» WORK ITEM: From the first line down to the one containing "#3508 = DIRECTION", reproduce the entries below exactly and leave out the pictures.

» Items from a dataset:
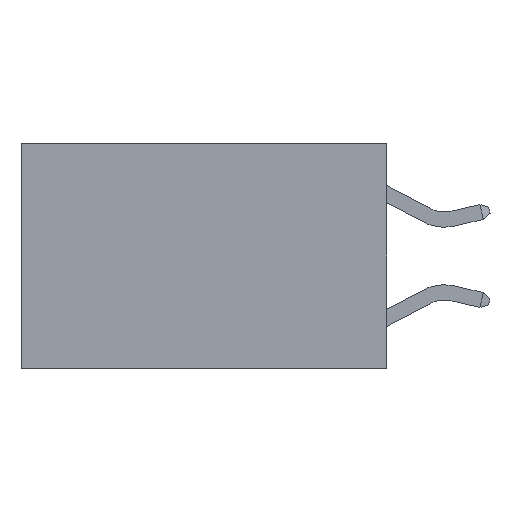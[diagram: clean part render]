
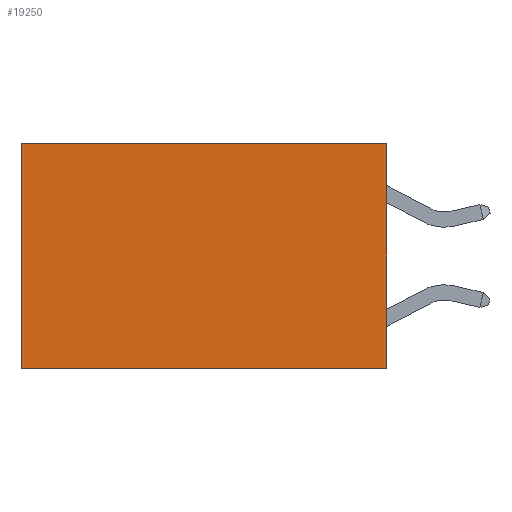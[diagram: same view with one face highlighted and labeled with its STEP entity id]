
A CAD part, left-side view. The second image highlights one B-rep face of the part: STEP entity #19250.
In plain terms, the highlighted planar face has unit normal (-1, 0, 0).
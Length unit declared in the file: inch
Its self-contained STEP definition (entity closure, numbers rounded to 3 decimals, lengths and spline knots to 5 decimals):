
#183 = PLANE ( 'NONE',  #11043 ) ;
#479 = EDGE_LOOP ( 'NONE', ( #19068, #11915, #4303, #17805 ) ) ;
#494 = FACE_OUTER_BOUND ( 'NONE', #479, .T. ) ;
#1127 = CARTESIAN_POINT ( 'NONE',  ( 0.2625, 0., 0. ) ) ;
#1140 = VECTOR ( 'NONE', #20837, 39.37008 ) ;
#1367 = DIRECTION ( 'NONE',  ( 0., 0., -1. ) ) ;
#1621 = CARTESIAN_POINT ( 'NONE',  ( 0.2625, 0., -0.37 ) ) ;
#3461 = EDGE_CURVE ( 'NONE', #9824, #7095, #14166, .T. ) ;
#3508 = DIRECTION ( 'NONE',  ( 1., 0., 0. ) ) ;
#4032 = CARTESIAN_POINT ( 'NONE',  ( 0.2625, 0.6, -0.37 ) ) ;
#4303 = ORIENTED_EDGE ( 'NONE', *, *, #16890, .F. ) ;
#4340 = VERTEX_POINT ( 'NONE', #4362 ) ;
#4362 = CARTESIAN_POINT ( 'NONE',  ( 0.2625, 0., 0. ) ) ;
#7095 = VERTEX_POINT ( 'NONE', #4032 ) ;
#8172 = EDGE_CURVE ( 'NONE', #4340, #14707, #10706, .T. ) ;
#9824 = VERTEX_POINT ( 'NONE', #1621 ) ;
#10706 = LINE ( 'NONE', #1127, #19396 ) ;
#11043 = AXIS2_PLACEMENT_3D ( 'NONE', #19773, #3508, #14929 ) ;
#11156 = CARTESIAN_POINT ( 'NONE',  ( 0.2625, 0., 0. ) ) ;
#11915 = ORIENTED_EDGE ( 'NONE', *, *, #3461, .F. ) ;
#12328 = VECTOR ( 'NONE', #12780, 39.37008 ) ;
#12511 = DIRECTION ( 'NONE',  ( 0., 1., 0. ) ) ;
#12689 = CARTESIAN_POINT ( 'NONE',  ( 0.2625, 0., -0.37 ) ) ;
#12780 = DIRECTION ( 'NONE',  ( 0., 0., -1. ) ) ;
#13360 = LINE ( 'NONE', #11156, #12328 ) ;
#14166 = LINE ( 'NONE', #12689, #1140 ) ;
#14425 = CARTESIAN_POINT ( 'NONE',  ( 0.2625, 0.6, 0. ) ) ;
#14548 = LINE ( 'NONE', #14425, #18368 ) ;
#14707 = VERTEX_POINT ( 'NONE', #20216 ) ;
#14929 = DIRECTION ( 'NONE',  ( 0., 0., -1. ) ) ;
#16890 = EDGE_CURVE ( 'NONE', #4340, #9824, #13360, .T. ) ;
#17805 = ORIENTED_EDGE ( 'NONE', *, *, #8172, .T. ) ;
#18368 = VECTOR ( 'NONE', #1367, 39.37008 ) ;
#19068 = ORIENTED_EDGE ( 'NONE', *, *, #19192, .T. ) ;
#19192 = EDGE_CURVE ( 'NONE', #14707, #7095, #14548, .T. ) ;
#19250 = ADVANCED_FACE ( 'NONE', ( #494 ), #183, .F. ) ;
#19396 = VECTOR ( 'NONE', #12511, 39.37008 ) ;
#19773 = CARTESIAN_POINT ( 'NONE',  ( 0.2625, 0., 0. ) ) ;
#20216 = CARTESIAN_POINT ( 'NONE',  ( 0.2625, 0.6, 0. ) ) ;
#20837 = DIRECTION ( 'NONE',  ( 0., 1., 0. ) ) ;

» YOUR RESPONSE:
[diagram: clean part render]
[diagram: same view with one face highlighted and labeled with its STEP entity id]
A CAD part, left-side view. The second image highlights one B-rep face of the part: STEP entity #19250.
In plain terms, the highlighted planar face has unit normal (-1, 0, 0).
Length unit declared in the file: inch
Its self-contained STEP definition (entity closure, numbers rounded to 3 decimals, lengths and spline knots to 5 decimals):
#183 = PLANE ( 'NONE',  #11043 ) ;
#479 = EDGE_LOOP ( 'NONE', ( #19068, #11915, #4303, #17805 ) ) ;
#494 = FACE_OUTER_BOUND ( 'NONE', #479, .T. ) ;
#1127 = CARTESIAN_POINT ( 'NONE',  ( 0.2625, 0., 0. ) ) ;
#1140 = VECTOR ( 'NONE', #20837, 39.37008 ) ;
#1367 = DIRECTION ( 'NONE',  ( 0., 0., -1. ) ) ;
#1621 = CARTESIAN_POINT ( 'NONE',  ( 0.2625, 0., -0.37 ) ) ;
#3461 = EDGE_CURVE ( 'NONE', #9824, #7095, #14166, .T. ) ;
#3508 = DIRECTION ( 'NONE',  ( 1., 0., 0. ) ) ;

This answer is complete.